EM was originally written in 1999-2000 by Dr. Tom White (TMSWhite) for a different project (Dialogix) in Java, using JavaCC, an open source compiler compiler (parser generator).  That Java-based project has been in production for nearly a decade, and has been fully vetted for unit and integration tests.

Since there is no production-grade parser generator for PHP and JavaScript (although Antlr is coming close), TMSWhite created a custom recursive descent parser for LimeSurvey.  To ensure its accuracy, EM's logic is based upon the JavaCC source code for Dialogix.  The JavaCC syntax mirrors the functionality needed for a recursive descent parser.  JavaCC happens to build a state-based compiler, which is a little more efficient than a recusive descent parser.  However, state-based compilers are impossible to read, understand,  or expand without JavaCC-like source code, so it did not make sense to try to port the JavaCC output directly to PHP.

Futhermore, there are comprehensive unit and integration test suites for EM. These make it easy to validate the accuracy of the EM system.  Each test suite includes dozens to hundreds of test cases, and it is trivial to add addition test cases.

How does the Recursive Descent Parser work?

EM must do the following:

  1. Tokenize the expression - separating strings, words (variable names vs. functions), and punctuation; and categorizing the types of each.
  2. Analyze the tokens to build a parse tree, checking for syntax errors along the way.
  3. Return the result of evaluating the expression (using PHP) (or return syntax-highlighted HTML if there are syntax errors).
  4. Create a safe JavaScript equivalent of the expression so that expressions can be  dynamically re-computed client-side.
  5. Determine which variables are used in each expression (so can make sure they are available client-side).
  6. Optionally record debug and/or audit-log information that can be retrieved by CI views.

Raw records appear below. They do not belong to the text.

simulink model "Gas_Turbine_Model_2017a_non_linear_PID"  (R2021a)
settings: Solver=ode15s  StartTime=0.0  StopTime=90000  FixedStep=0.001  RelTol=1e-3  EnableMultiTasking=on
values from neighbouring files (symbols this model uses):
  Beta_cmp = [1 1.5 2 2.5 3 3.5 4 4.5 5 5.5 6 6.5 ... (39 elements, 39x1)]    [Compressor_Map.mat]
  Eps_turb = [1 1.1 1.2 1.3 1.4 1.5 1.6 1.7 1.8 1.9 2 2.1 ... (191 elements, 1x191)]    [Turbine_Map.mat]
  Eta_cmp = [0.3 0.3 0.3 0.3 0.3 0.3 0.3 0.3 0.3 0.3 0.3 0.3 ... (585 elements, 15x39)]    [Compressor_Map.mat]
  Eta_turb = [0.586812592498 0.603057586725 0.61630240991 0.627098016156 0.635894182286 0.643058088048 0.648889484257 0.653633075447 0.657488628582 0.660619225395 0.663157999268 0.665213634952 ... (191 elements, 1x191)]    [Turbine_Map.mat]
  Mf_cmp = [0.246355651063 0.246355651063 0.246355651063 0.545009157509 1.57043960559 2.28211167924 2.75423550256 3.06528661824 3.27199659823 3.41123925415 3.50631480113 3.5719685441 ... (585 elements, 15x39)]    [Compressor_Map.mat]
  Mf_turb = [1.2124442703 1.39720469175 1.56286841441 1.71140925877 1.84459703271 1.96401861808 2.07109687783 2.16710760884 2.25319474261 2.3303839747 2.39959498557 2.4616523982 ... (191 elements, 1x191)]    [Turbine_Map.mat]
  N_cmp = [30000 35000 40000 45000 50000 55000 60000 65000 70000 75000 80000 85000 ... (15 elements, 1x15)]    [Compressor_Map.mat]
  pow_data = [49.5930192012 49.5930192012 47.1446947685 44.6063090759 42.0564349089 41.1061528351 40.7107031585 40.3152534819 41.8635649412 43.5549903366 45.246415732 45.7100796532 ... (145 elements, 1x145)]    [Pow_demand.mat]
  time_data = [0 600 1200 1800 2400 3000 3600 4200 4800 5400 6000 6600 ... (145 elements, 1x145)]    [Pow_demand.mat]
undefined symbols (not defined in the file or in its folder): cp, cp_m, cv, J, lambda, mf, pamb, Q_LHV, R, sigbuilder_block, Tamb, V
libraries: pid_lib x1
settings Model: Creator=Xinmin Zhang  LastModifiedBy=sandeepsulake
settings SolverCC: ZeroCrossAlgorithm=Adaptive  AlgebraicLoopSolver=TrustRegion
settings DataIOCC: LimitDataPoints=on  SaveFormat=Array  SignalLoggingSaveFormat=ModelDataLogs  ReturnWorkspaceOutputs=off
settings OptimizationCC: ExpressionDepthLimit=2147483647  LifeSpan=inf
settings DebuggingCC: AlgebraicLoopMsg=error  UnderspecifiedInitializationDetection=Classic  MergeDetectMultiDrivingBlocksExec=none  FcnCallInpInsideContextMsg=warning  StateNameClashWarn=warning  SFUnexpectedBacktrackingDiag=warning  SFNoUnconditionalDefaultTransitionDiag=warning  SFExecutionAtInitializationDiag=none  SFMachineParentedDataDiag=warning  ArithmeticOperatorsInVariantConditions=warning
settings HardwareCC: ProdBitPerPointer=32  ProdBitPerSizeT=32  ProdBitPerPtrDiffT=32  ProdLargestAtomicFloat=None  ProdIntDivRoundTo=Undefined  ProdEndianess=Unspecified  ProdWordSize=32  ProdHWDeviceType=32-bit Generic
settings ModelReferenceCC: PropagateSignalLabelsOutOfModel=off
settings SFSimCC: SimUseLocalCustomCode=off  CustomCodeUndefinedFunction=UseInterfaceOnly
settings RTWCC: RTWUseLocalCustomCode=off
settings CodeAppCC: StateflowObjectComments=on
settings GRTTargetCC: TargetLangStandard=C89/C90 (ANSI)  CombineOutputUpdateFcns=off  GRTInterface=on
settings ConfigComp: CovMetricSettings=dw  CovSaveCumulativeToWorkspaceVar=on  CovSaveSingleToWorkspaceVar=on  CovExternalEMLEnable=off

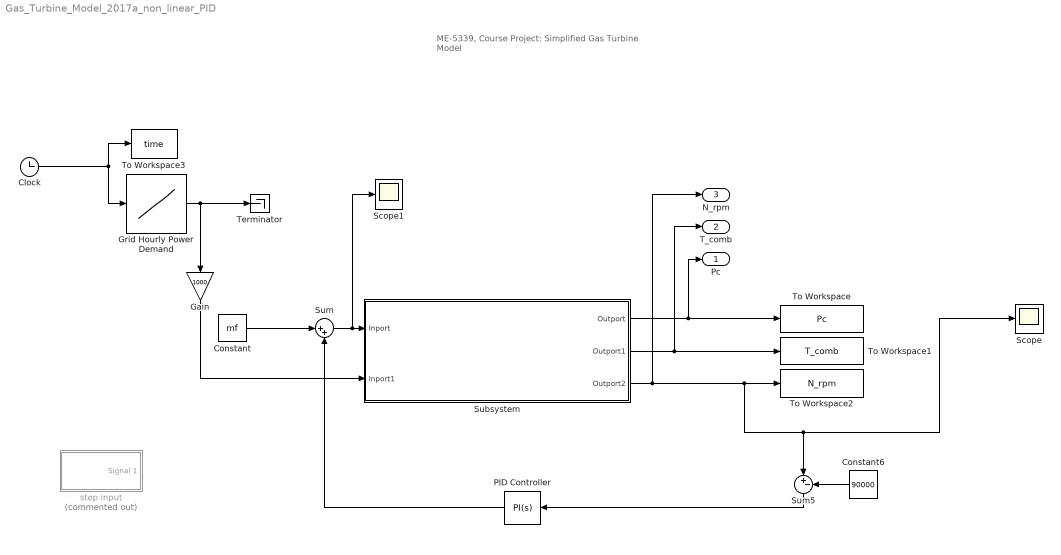
== system Gas_Turbine_Model_2017a_non_linear_PID ==
  note: ME-5339, Course Project:
      | Simplified Gas Turbine Model
  Clock : Clock
  Constant : Constant  Value=mf
  Constant6 : Constant  Value=90000
  Gain : Gain  Gain=1000
  Grid Hourly Power Demand : Lookup_n-D  NumberOfTableDimensions=1  BreakpointsForDimension1=time_data  Table=pow_data  RndMeth=Simplest  InputSameDT=on
  PID Controller : pid_lib/PID Controller  Controller=PI  Form=Parallel  TimeDomain=Continuous-time  UseExternalTs=off  SampleTime=-1  IntegratorMethod=Forward Euler  FilterMethod=Forward Euler  ControllerParametersSource=internal  P=-6.19982666191308e-06  I=-7.95045258926056e-07  D=0  UseFilter=on  N=100  TunerSelectOption=Transfer Function Based (PID Tuner App)  InitialConditionSource=internal  InitialConditionForIntegrator=0  InitialConditionForFilter=0  DifferentiatorICPrevScaledInput=0  ExternalReset=none  TrackingMode=off  Kt=1  LimitOutput=off  SatLimitsSource=internal  UpperSaturationLimit=inf  LowerSaturationLimit=0  LinearizeAsGain=on  AntiWindupMode=none  Kb=1  POutMin=[]  POutMax=[]  IOutMin=[]  IOutMax=[]  DOutMin=[]  DOutMax=[]  NOutMin=[]  NOutMax=[]  SumOutMin=[]  SumOutMax=[]  SaturationOutMin=[]  SaturationOutMax=[]  PParamMin=[]  PParamMax=[]  IParamMin=[]  IParamMax=[]  DParamMin=[]  DParamMax=[]  NParamMin=[]  NParamMax=[]  KbParamMin=[]  KbParamMax=[]  KtParamMin=[]  KtParamMax=[]  KbOutMin=[]  KbOutMax=[]  KtOutMin=[]  KtOutMax=[]  IntegratorOutMin=[]  IntegratorOutMax=[]  FilterOutMin=[]  FilterOutMax=[]  SumI1OutMin=[]  SumI1OutMax=[]  SumI2OutMin=[]  SumI2OutMax=[]  SumI3OutMin=[]  SumI3OutMax=[]  SumI4OutMin=[]  SumI4OutMax=[]  SumDOutMin=[]  SumDOutMax=[]  DifferentiatorOutMin=[]  DifferentiatorOutMax=[]  FilterDiffOutCoefMin=[]  FilterDiffOutCoefMax=[]  ReciprocalOutMin=[]  ReciprocalOutMax=[]  SumDenOutMin=[]  SumDenOutMax=[]  SumNumOutMin=[]  SumNumOutMax=[]  DivideOutMin=[]  DivideOutMax=[]  UdiffTsProdOutMin=[]  UdiffTsProdOutMax=[]  NTsProdOutMin=[]  NTsProdOutMax=[]  UintegralTsProdOutMin=[]  UintegralTsProdOutMax=[]  UngainTsProdOutMin=[]  UngainTsProdOutMax=[]  IntegratorContinuousStateAttributes=''  IntegratorStateMustResolveToSignalObject=off  IntegratorRTWStateStorageClass=Auto  FilterContinuousStateAttributes=''  FilterStateMustResolveToSignalObject=off  FilterRTWStateStorageClass=Auto  ParallelPVariant=InternalParameters  IdealPVariant=Disabled  IVariant=InternalParameters  DVariant=Disabled  IntegratorVariant=Continuous  SatVariant=Disabled  AWVariant=Passthrough  PCopyVariant=Disabled  TRVariant=Disabled  FdbkBlocksVariant=Forward  IdealPFdbkVariant=Disabled  SatFdbkVariant=Disabled  DerivativeFilterVariant=Disabled  NVariant=Disabled  NCopyVariant=Disabled_SignalSpec  FilterICVariant=Disabled  IntegratorICVariant=InternalICs  ExternalResetVariant=Disabled  TRSumVariant=Passthrough  SumFdbkVariant=Disabled  SumVariant=Sum_PI  TsampFilterVariant=InternalTs  TsampNgainVariant=Passthrough  TsampIntegralVariant=Passthrough  ExternalSaturationOutDataTypeStr=Inherit: Same as second input
  Scope : Scope
  Scope1 : Scope
  Subsystem : Subsystem
  Sum : Sum  Inputs=|++
  Sum5 : Sum  Inputs=|+-
  Terminator : Terminator
  To Workspace : ToWorkspace  VariableName=Pc  SampleTime=-1
  To Workspace1 : ToWorkspace  VariableName=T_comb  SampleTime=-1
  To Workspace2 : ToWorkspace  VariableName=N_rpm  SampleTime=-1
  To Workspace3 : ToWorkspace  VariableName=time  SampleTime=-1
  step input : Subsystem  Tag=STV Subsys  Commented=on  LoadFcn=sigbuilder_block('load');  StartFcn=sigbuilder_block('start');  StopFcn=sigbuilder_block('stop');  ClipboardFcn=sigbuilder_block('clipboard');  mask(Sigbuilder block){tuvar=[0:10]}
      mask help: Simulink:masks:SigbuilderBlock_MD
      mask init:
      | if ~strcmp(get_param(bdroot(gcbh),'SimulationStatus'),'stopped') tuvar = sigbuilder_block('maskInit'); end
      settings: CopyFcn=sigbuilder_block('copy');  DeleteFcn=sigbuilder_block('delete');  ModelCloseFcn=sigbuilder_block('modelClose');  PreSaveFcn=sigbuilder_block('preSave');  PauseFcn=sigbuilder_block('pause');  ContinueFcn=sigbuilder_block('continue');  NameChangeFcn=sigbuilder_block('namechange');  OpenFcn=sigbuilder_block('open',[437.6 199.2 550.4 400 ]);  CloseFcn=sigbuilder_block('close');
      mask Display: plot(0, 0, 100, 100,[2, 2, 32, 32, 2], [68, 8, 8, 68, 68],[32, 2], [38, 38], [32, 19, 2],[53, 60, 44], [32, 17, 17, 2],[16, 16, 31, 31]);txt = getActiveGroup(gcbh);text(2, 100, txt,'verticalAlignment', 'top');
  Pc : Outport
  T_comb : Outport  Port=2
  N_rpm : Outport  Port=3
  wires:
  Clock/1 -> To Workspace3/1, Grid Hourly Power Demand/1
  Grid Hourly Power Demand/1 -> Terminator/1, Gain/1
  Subsystem/1(Outport) -> Pc/1, To Workspace/1
  Subsystem/2(Outport1) -> T_comb/1, To Workspace1/1
  Constant/1 -> Sum/1
  Sum5/1 -> PID Controller/1
  Constant6/1 -> Sum5/2
  Subsystem/3(Outport2) -> Scope/1, Sum5/1, To Workspace2/1, N_rpm/1
  PID Controller/1 -> Sum/2
  Sum/1 -> Scope1/1, Subsystem/1(Inport)
  Gain/1 -> Subsystem/2(Inport1)

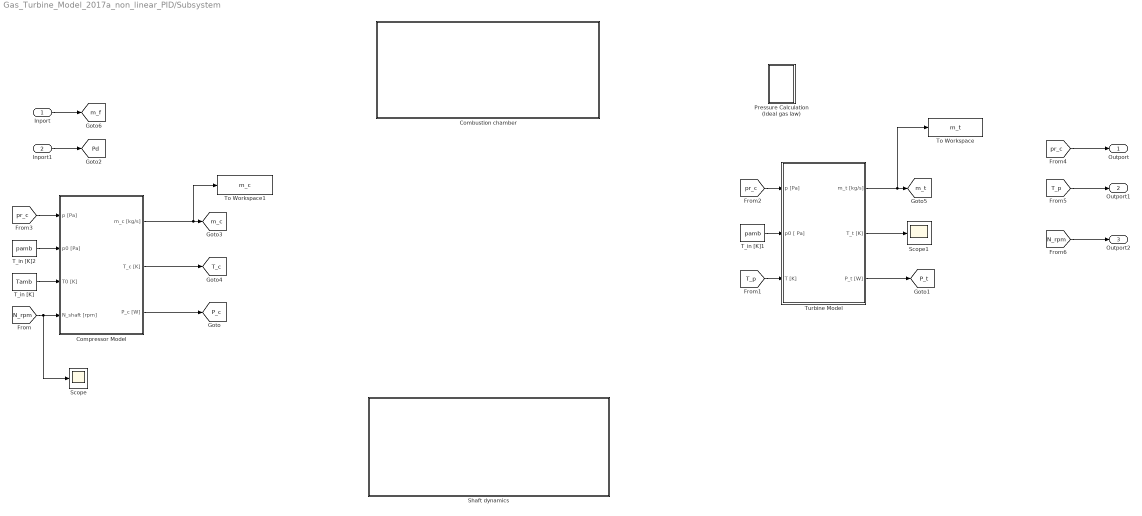
== system Gas_Turbine_Model_2017a_non_linear_PID/Subsystem ==
  Inport : Inport
  Inport1 : Inport  Port=2
  Combustion chamber : Subsystem
  Compressor Model : Subsystem
      mask help: Model of centrifugal compressor
  Pressure Calculation (Ideal gas law) : Subsystem
  Scope : Scope
  Scope1 : Scope
  Shaft dynamics : Subsystem
  T_in [K] : Constant  Value=Tamb
  T_in [K]1 : Constant  Value=pamb
  T_in [K]2 : Constant  Value=pamb
  To Workspace : ToWorkspace  VariableName=m_t  SampleTime=-1
  To Workspace1 : ToWorkspace  VariableName=m_c  SampleTime=-1
  Turbine Model : Subsystem
      mask help: Model of radial inflow turbine
  Outport : Outport
  Outport1 : Outport  Port=2
  Outport2 : Outport  Port=3
  tag scope: P_c=global, P_t=global, Pd=global, T_c=global, m_c=global, m_f=global, m_t=global
  wires:
  Turbine Model/2(T_t [K]) -> Scope1/1
  Compressor Model/3(P_c [W]) -> [P_c]
  [T_p] -> Turbine Model/3(T [K])
  T_in [K]/1 -> Compressor Model/3(T0 [K])
  T_in [K]1/1 -> Turbine Model/2(p0 [ Pa])
  Turbine Model/1(m_t [kg/s]) -> To Workspace/1, [m_t]
  [pr_c] -> Compressor Model/1(p [Pa])
  Compressor Model/2(T_c [K]) -> [T_c]
  T_in [K]2/1 -> Compressor Model/2(p0 [Pa])
  Turbine Model/3(P_t [W]) -> [P_t]
  Compressor Model/1(m_c [kg/s]) -> To Workspace1/1, [m_c]
  [pr_c] -> Turbine Model/1(p [Pa])
  [N_rpm] -> Scope/1, Compressor Model/4(N_shaft [rpm])
  [pr_c] -> Outport/1
  [T_p] -> Outport1/1
  [N_rpm] -> Outport2/1
  Inport/1 -> [m_f]
  Inport1/1 -> [Pd]

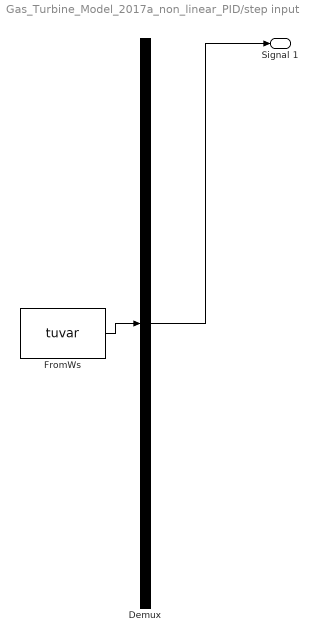
== system Gas_Turbine_Model_2017a_non_linear_PID/step input ==
  Demux : Demux  Tag=STV Demux  Outputs=1
      settings: DisplayOption=none
  FromWs : FromWorkspace  Tag=STV FromWs  VariableName=tuvar
      SigBuilderData=|
      | common.afterFinalStr = 'Extrapolate'
      | common.sampleTime = 0
      | dataSet.timeRange = [0 500]
      | dataSet.name = 'Group 1'
      | sbobj.Groups.Name = 'Group 1'
      | sbobj.Groups.Signals.Name = 'Signal 1'
      | sbobj.Groups.Signals.XData = [0 200 200 300 300 500]
      | sbobj.Groups.Signals.YData = [200000 200000 250000 250000 200000 200000]
      | sbobj.Groups.TimeRange = [0 500]
  Signal 1 : Outport  Tag=STV Outport
  wires:
  FromWs/1 -> Demux/1
  Demux/1 -> Signal 1/1

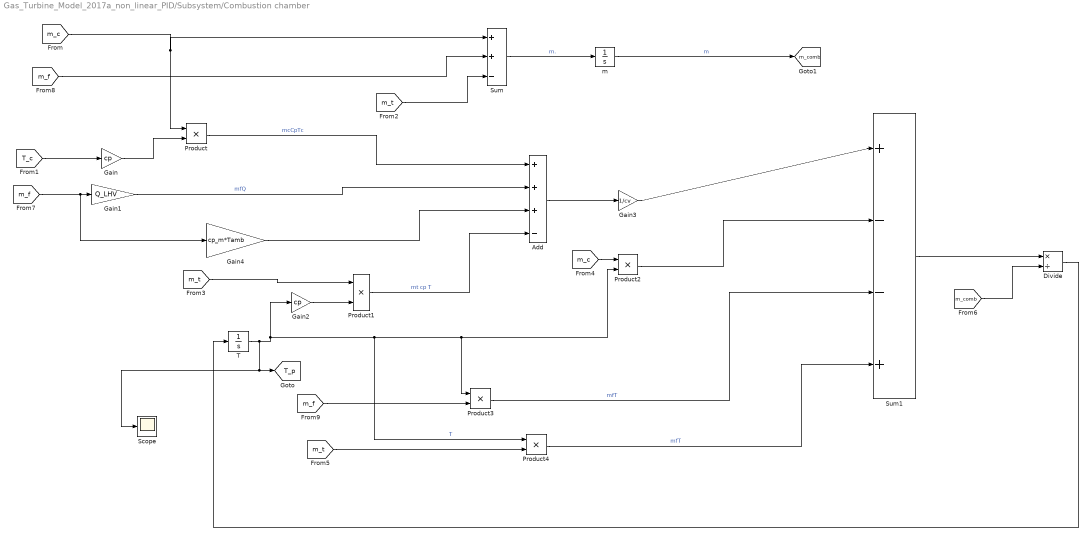
== system Gas_Turbine_Model_2017a_non_linear_PID/Subsystem/Combustion chamber ==
  Add : Sum  Inputs=+++-
  Divide : Product  Inputs=*/
  Gain : Gain  Gain=cp
  Gain1 : Gain  Gain=Q_LHV
  Gain2 : Gain  Gain=cp
  Gain3 : Gain  Gain=1/cv
  Gain4 : Gain  Gain=cp_m*Tamb
  Product{,1..4} (5 alike) : Product
  Scope : Scope
  Sum : Sum  Inputs=|++-
  Sum1 : Sum  Inputs=|+--+
  T : Integrator  InitialCondition=1402.00895175218
  m : Integrator  InitialCondition=6.1482
  tag scope: T_p=global, m_comb=global
  wires:
  m/1 -> [m_comb]  "m"
  [m_f] -> Gain1/1, Gain4/1
  Gain/1 -> Product/2
  Product/1 -> Add/1  "mcCpTc"
  [m_f] -> Sum/2
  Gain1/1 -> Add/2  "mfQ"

How does EM integrate into LimeSurvey?

The LimeExpressionManager (LEM) class manages the integration of EM into LimeSurvey.  LEM must:

  1. Initialize all of the variables needed by LimeSurvey (e.g. for TOKENS, INSERTANS, and templatereplace())
  2. Know which Group and Question are being processed
  3. Record the results and metadata about all of the text that LimeSurvey asks it to process
  4. Output static HTML that reflects the results of that processing
  5. Output JavaScript that lets those results be dynamically re-computed if values on the page change.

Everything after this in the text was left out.